Note each line of the listing that contains the string "ezdxf", and copy it.

────────

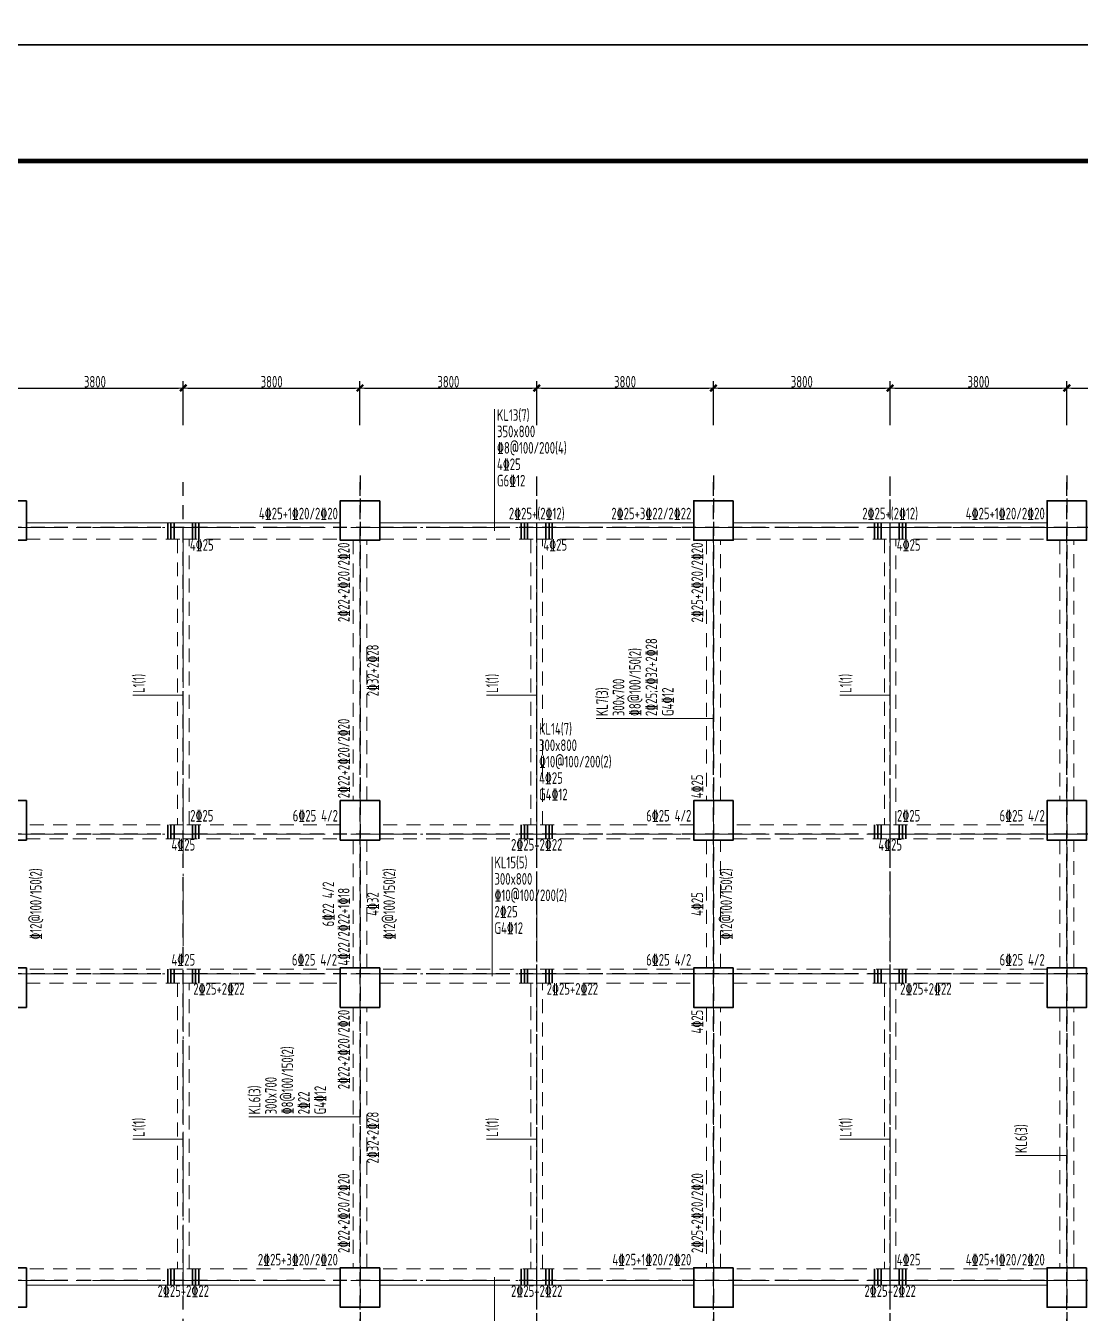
# Model space of a CAD drawing. Header units: millimetres. Extents: x 539196 to 807275, y 431843 to 1156631.
# Drawn here: x 686568 to 709243, y 740956 to 768652 of the extents above; entities that cross this region are included whole.
import ezdxf
from ezdxf.enums import TextEntityAlignment as Align

# ---------------------------------------------------------------- set-up
doc = ezdxf.new("R2010")
doc.units = ezdxf.units.MM
doc.header["$MEASUREMENT"] = 0
for name, pattern in [('DOTE', [2.42, 2, -0.2, 0.02, -0.2]), ('点划线', [1850, 1200, -300, 50, -300]), ('虚线', [500, 300, -200])]:
    doc.linetypes.add(name, pattern=pattern)
doc.layers.add('DOTE', color=1, linetype='DOTE')
doc.layers.add('PUB_TITLE', color=4, linetype='Continuous')
for name, color, linetype, lineweight in [('梁原位标注', 7, 'Continuous', 18), ('梁名称编号', 2, 'Continuous', 18), ('梁标注引线', 2, 'Continuous', 18), ('梁附加箍筋', 1, 'Continuous', 35), ('梁集中标注', 2, 'Continuous', 18), ('砼柱', 2, 'Continuous', 35), ('砼梁', 4, 'Continuous', 18), ('轴线', 9, '点划线', 18), ('轴线标注', 3, 'Continuous', 18)]:
    doc.layers.add(name, color=color, linetype=linetype, lineweight=lineweight)
doc.styles.add('样式 1_yjk_yjk_yjk_yjk_yjk_yjk_yjk_yjk', font='yjkeng.shx', dxfattribs={"width": 0.7, "bigfont": 'yjkchn.shx'})
doc.dimstyles.new('盈建科结构_yjk_yjk_yjk_yjk_yjk_yjk_yjk_yjk', dxfattribs={"dimscale": 100, "dimtxt": 2.5, "dimasz": 1, "dimexe": 1.5, "dimexo": 0.625, "dimgap": 0.1, "dimtad": 1, "dimdec": 0, "dimrnd": 1, "dimzin": 0, "dimdsep": 46, "dimtxsty": '样式 1_yjk_yjk_yjk_yjk_yjk_yjk_yjk_yjk', "dimblk": '_yjkbk', "dimblk1": 'ARCHTICK', "dimblk2": 'ARCHTICK', "dimcen": 0.09, "dimadec": 0, "dimazin": 0, "dimtfac": 1, "dimtdec": 4, "dimtix": 1, "dimtmove": 2, "dimatfit": 3, "dimfxl": 0, "dimtolj": 1, "dimtzin": 0, "dimarcsym": 0})

# ---------------------------------------------------------------- blocks, each defined once
blk = doc.blocks.new('_yjkbk')
blk.add_line((-1, 0), (1.5, 0))
blk.add_lwpolyline([(-0.7, -0.7, 0.5, 0.5, 0), (0.7, 0.7, 0.5, 0.5, 0)], format="xyseb")
blk = doc.blocks.new('*D214')
at = {"layer": 'Defpoints', "color": 0}
for p in [(689955, 760859), (686155, 757859), (689955, 757859)]:
    blk.add_point(p, dxfattribs=at)
at = {"layer": '轴线标注', "color": 0, "lineweight": -2}
for p, q in [((686155, 760059), (686155, 761009)), ((686255, 760859), (689855, 760859)), ((689955, 760059), (689955, 761009))]:
    blk.add_line(p, q, dxfattribs=at)
at = {"layer": '轴线标注', "color": 0, "lineweight": -2, "xscale": 100, "yscale": 100, "zscale": 100, "rotation": 180}
blk.add_blockref('_yjkbk', (686155, 760859), dxfattribs=at)
at = {"layer": '轴线标注', "color": 0, "lineweight": -2, "xscale": 100, "yscale": 100, "zscale": 100}
blk.add_blockref('_yjkbk', (689955, 760859), dxfattribs=at)
at = {"layer": '轴线标注', "color": 0, "insert": (688055, 760994), "char_height": 250, "attachment_point": 5, "style": '样式 1_yjk_yjk_yjk_yjk_yjk_yjk_yjk_yjk'}
blk.add_mtext('\\A1;3800', dxfattribs=at)
blk = doc.blocks.new('_ARCHTICK')
at = {"color": 0, "linetype": 'ByBlock', "const_width": 0.15}
blk.add_lwpolyline([(-0.5, -0.5), (0.5, 0.5)], dxfattribs=at)
blk = doc.blocks.new('*D216')
at = {"layer": 'Defpoints', "color": 0}
for p in [(693755, 760859), (689955, 757859), (693755, 757859)]:
    blk.add_point(p, dxfattribs=at)
at = {"layer": '轴线标注', "color": 0, "lineweight": -2}
for p, q in [((689955, 760059), (689955, 761009)), ((690055, 760859), (693655, 760859)), ((693755, 760059), (693755, 761009))]:
    blk.add_line(p, q, dxfattribs=at)
at = {"layer": '轴线标注', "color": 0, "lineweight": -2, "xscale": 100, "yscale": 100, "zscale": 100, "rotation": 180}
blk.add_blockref('_yjkbk', (689955, 760859), dxfattribs=at)
at = {"layer": '轴线标注', "color": 0, "lineweight": -2, "xscale": 100, "yscale": 100, "zscale": 100}
blk.add_blockref('_yjkbk', (693755, 760859), dxfattribs=at)
at = {"layer": '轴线标注', "color": 0, "insert": (691855, 760994), "char_height": 250, "attachment_point": 5, "style": '样式 1_yjk_yjk_yjk_yjk_yjk_yjk_yjk_yjk'}
blk.add_mtext('\\A1;3800', dxfattribs=at)
blk = doc.blocks.new('*D218')
at = {"layer": 'Defpoints', "color": 0}
for p in [(697555, 760859), (693755, 757859), (697555, 757859)]:
    blk.add_point(p, dxfattribs=at)
at = {"layer": '轴线标注', "color": 0, "lineweight": -2}
for p, q in [((693755, 760059), (693755, 761009)), ((693855, 760859), (697455, 760859)), ((697555, 760059), (697555, 761009))]:
    blk.add_line(p, q, dxfattribs=at)
at = {"layer": '轴线标注', "color": 0, "lineweight": -2, "xscale": 100, "yscale": 100, "zscale": 100, "rotation": 180}
blk.add_blockref('_yjkbk', (693755, 760859), dxfattribs=at)
at = {"layer": '轴线标注', "color": 0, "lineweight": -2, "xscale": 100, "yscale": 100, "zscale": 100}
blk.add_blockref('_yjkbk', (697555, 760859), dxfattribs=at)
at = {"layer": '轴线标注', "color": 0, "insert": (695655, 760994), "char_height": 250, "attachment_point": 5, "style": '样式 1_yjk_yjk_yjk_yjk_yjk_yjk_yjk_yjk'}
blk.add_mtext('\\A1;3800', dxfattribs=at)
blk = doc.blocks.new('*D220')
at = {"layer": 'Defpoints', "color": 0}
for p in [(701355, 760859), (697555, 757859), (701355, 757859)]:
    blk.add_point(p, dxfattribs=at)
at = {"layer": '轴线标注', "color": 0, "lineweight": -2}
for p, q in [((697555, 760059), (697555, 761009)), ((697655, 760859), (701255, 760859)), ((701355, 760059), (701355, 761009))]:
    blk.add_line(p, q, dxfattribs=at)
at = {"layer": '轴线标注', "color": 0, "lineweight": -2, "xscale": 100, "yscale": 100, "zscale": 100, "rotation": 180}
blk.add_blockref('_yjkbk', (697555, 760859), dxfattribs=at)
at = {"layer": '轴线标注', "color": 0, "lineweight": -2, "xscale": 100, "yscale": 100, "zscale": 100}
blk.add_blockref('_yjkbk', (701355, 760859), dxfattribs=at)
at = {"layer": '轴线标注', "color": 0, "insert": (699455, 760994), "char_height": 250, "attachment_point": 5, "style": '样式 1_yjk_yjk_yjk_yjk_yjk_yjk_yjk_yjk'}
blk.add_mtext('\\A1;3800', dxfattribs=at)
blk = doc.blocks.new('*D222')
at = {"layer": 'Defpoints', "color": 0}
for p in [(705155, 760859), (701355, 757859), (705155, 757859)]:
    blk.add_point(p, dxfattribs=at)
at = {"layer": '轴线标注', "color": 0, "lineweight": -2}
for p, q in [((701355, 760059), (701355, 761009)), ((701455, 760859), (705055, 760859)), ((705155, 760059), (705155, 761009))]:
    blk.add_line(p, q, dxfattribs=at)
at = {"layer": '轴线标注', "color": 0, "lineweight": -2, "xscale": 100, "yscale": 100, "zscale": 100, "rotation": 180}
blk.add_blockref('_yjkbk', (701355, 760859), dxfattribs=at)
at = {"layer": '轴线标注', "color": 0, "lineweight": -2, "xscale": 100, "yscale": 100, "zscale": 100}
blk.add_blockref('_yjkbk', (705155, 760859), dxfattribs=at)
at = {"layer": '轴线标注', "color": 0, "insert": (703255, 760994), "char_height": 250, "attachment_point": 5, "style": '样式 1_yjk_yjk_yjk_yjk_yjk_yjk_yjk_yjk'}
blk.add_mtext('\\A1;3800', dxfattribs=at)
blk = doc.blocks.new('*D224')
at = {"layer": 'Defpoints', "color": 0}
for p in [(708955, 760859), (705155, 757859), (708955, 757859)]:
    blk.add_point(p, dxfattribs=at)
at = {"layer": '轴线标注', "color": 0, "lineweight": -2}
for p, q in [((705155, 760059), (705155, 761009)), ((705255, 760859), (708855, 760859)), ((708955, 760059), (708955, 761009))]:
    blk.add_line(p, q, dxfattribs=at)
at = {"layer": '轴线标注', "color": 0, "lineweight": -2, "xscale": 100, "yscale": 100, "zscale": 100, "rotation": 180}
blk.add_blockref('_yjkbk', (705155, 760859), dxfattribs=at)
at = {"layer": '轴线标注', "color": 0, "lineweight": -2, "xscale": 100, "yscale": 100, "zscale": 100}
blk.add_blockref('_yjkbk', (708955, 760859), dxfattribs=at)
at = {"layer": '轴线标注', "color": 0, "insert": (707055, 760994), "char_height": 250, "attachment_point": 5, "style": '样式 1_yjk_yjk_yjk_yjk_yjk_yjk_yjk_yjk'}
blk.add_mtext('\\A1;3800', dxfattribs=at)
blk = doc.blocks.new('*D226')
at = {"layer": 'Defpoints', "color": 0}
for p in [(712755, 760859), (708955, 757859), (712755, 757859)]:
    blk.add_point(p, dxfattribs=at)
at = {"layer": '轴线标注', "color": 0, "lineweight": -2}
for p, q in [((708955, 760059), (708955, 761009)), ((709055, 760859), (712655, 760859)), ((712755, 760059), (712755, 761009))]:
    blk.add_line(p, q, dxfattribs=at)
at = {"layer": '轴线标注', "color": 0, "lineweight": -2, "xscale": 100, "yscale": 100, "zscale": 100, "rotation": 180}
blk.add_blockref('_yjkbk', (708955, 760859), dxfattribs=at)
at = {"layer": '轴线标注', "color": 0, "lineweight": -2, "xscale": 100, "yscale": 100, "zscale": 100}
blk.add_blockref('_yjkbk', (712755, 760859), dxfattribs=at)
at = {"layer": '轴线标注', "color": 0, "insert": (710855, 760994), "char_height": 250, "attachment_point": 5, "style": '样式 1_yjk_yjk_yjk_yjk_yjk_yjk_yjk_yjk'}
blk.add_mtext('\\A1;3800', dxfattribs=at)
blk = doc.blocks.new('jzzw')
at = {"layer": 'DOTE', "color": 1, "linetype": '虚线'}
for p, q in [((924986, 872027), (924986, 890469)), ((928786, 872027), (928786, 890469)), ((928786, 890469), (928786, 834829)), ((932586, 852149), (932586, 890469)), ((932586, 872027), (932586, 890469)), ((936386, 872027), (936386, 890469)), ((936386, 890469), (936386, 834829)), ((940186, 852149), (940186, 890469)), ((940186, 872027), (940186, 890469)), ((943986, 872027), (943986, 890469)), ((943986, 890469), (943986, 834829)), ((952506, 889349), (912186, 889349)), ((952506, 889349), (912186, 889349)), ((952506, 889349), (912186, 889349)), ((952506, 889349), (912186, 889349)), ((952506, 882749), (911886, 882749)), ((952506, 879749), (911886, 879749)), ((952506, 873149), (912186, 873149))]:
    blk.add_line(p, q, dxfattribs=at)

msp = doc.modelspace()

# ---------------------------------------------------------------- linework, layer by layer
at = {"layer": 'PUB_TITLE'}
for points in [[(669890.4, 768243), (729290.4, 768243), (729290.4, 852343), (669890.4, 852343)], [(669890.4, 684143), (729290.4, 684143), (729290.4, 768243), (669890.4, 768243)]]:
    msp.add_lwpolyline(points, close=True, dxfattribs=at)
at = {"layer": 'PUB_TITLE', "const_width": 100}
msp.add_lwpolyline([(670890.4, 685143), (728290.4, 685143), (728290.4, 765743), (670890.4, 765743)], close=True, dxfattribs=at)
at = {"layer": '梁标注引线'}
for p, q in [((696650.6, 757784.2), (696650.6, 760402.7)), ((689955.4, 754248.6), (688872.9, 754248.6)), ((697555.4, 754248.6), (696472.9, 754248.6)), ((705155.4, 754248.6), (704072.9, 754248.6)), ((697555.4, 751309.2), (697555.4, 753652.7)), ((701355.4, 753751.5), (698836.9, 753751.5)), ((696596.8, 748209.2), (696596.8, 750777.7)), ((693755.4, 745184.2), (691361.9, 745184.2)), ((689955.4, 744698.6), (688872.9, 744698.6)), ((697555.4, 744698.6), (696472.9, 744698.6)), ((705155.4, 744698.6), (704072.9, 744698.6)), ((708955.4, 744351.1), (707847.9, 744351.1)), ((696650.6, 741734.2), (696650.6, 739115.7))]:
    msp.add_line(p, q, dxfattribs=at)
at = {"layer": '梁附加箍筋'}
for p, q in [((689620.4, 757609.2), (689620.4, 757959.2)), ((689690.4, 757609.2), (689690.4, 757959.2)), ((689760.4, 757609.2), (689760.4, 757959.2)), ((690150.4, 757609.2), (690150.4, 757959.2)), ((690220.4, 757609.2), (690220.4, 757959.2)), ((690290.4, 757609.2), (690290.4, 757959.2)), ((697220.4, 757609.2), (697220.4, 757959.2)), ((697290.4, 757609.2), (697290.4, 757959.2)), ((697360.4, 757609.2), (697360.4, 757959.2)), ((697750.4, 757609.2), (697750.4, 757959.2)), ((697820.4, 757609.2), (697820.4, 757959.2)), ((697890.4, 757609.2), (697890.4, 757959.2)), ((704820.4, 757609.2), (704820.4, 757959.2)), ((704890.4, 757609.2), (704890.4, 757959.2)), ((704960.4, 757609.2), (704960.4, 757959.2)), ((705350.4, 757609.2), (705350.4, 757959.2)), ((705420.4, 757609.2), (705420.4, 757959.2)), ((705490.4, 757609.2), (705490.4, 757959.2)), ((689620.4, 751159.2), (689620.4, 751459.2)), ((689690.4, 751159.2), (689690.4, 751459.2)), ((689760.4, 751159.2), (689760.4, 751459.2)), ((690150.4, 751159.2), (690150.4, 751459.2)), ((690220.4, 751159.2), (690220.4, 751459.2)), ((690290.4, 751159.2), (690290.4, 751459.2)), ((697220.4, 751159.2), (697220.4, 751459.2)), ((697290.4, 751159.2), (697290.4, 751459.2)), ((697360.4, 751159.2), (697360.4, 751459.2)), ((697750.4, 751159.2), (697750.4, 751459.2)), ((697820.4, 751159.2), (697820.4, 751459.2)), ((697890.4, 751159.2), (697890.4, 751459.2)), ((704820.4, 751159.2), (704820.4, 751459.2)), ((704890.4, 751159.2), (704890.4, 751459.2)), ((704960.4, 751159.2), (704960.4, 751459.2)), ((705350.4, 751159.2), (705350.4, 751459.2)), ((705420.4, 751159.2), (705420.4, 751459.2)), ((705490.4, 751159.2), (705490.4, 751459.2)), ((689620.4, 748059.2), (689620.4, 748359.2)), ((689690.4, 748059.2), (689690.4, 748359.2)), ((689760.4, 748059.2), (689760.4, 748359.2)), ((690150.4, 748059.2), (690150.4, 748359.2)), ((690220.4, 748059.2), (690220.4, 748359.2)), ((690290.4, 748059.2), (690290.4, 748359.2)), ((697220.4, 748059.2), (697220.4, 748359.2)), ((697290.4, 748059.2), (697290.4, 748359.2)), ((697360.4, 748059.2), (697360.4, 748359.2)), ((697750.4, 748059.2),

────────

Answer space:
import ezdxf
from ezdxf.enums import TextEntityAlignment as Align
doc = ezdxf.new("R2010")
doc.units = ezdxf.units.MM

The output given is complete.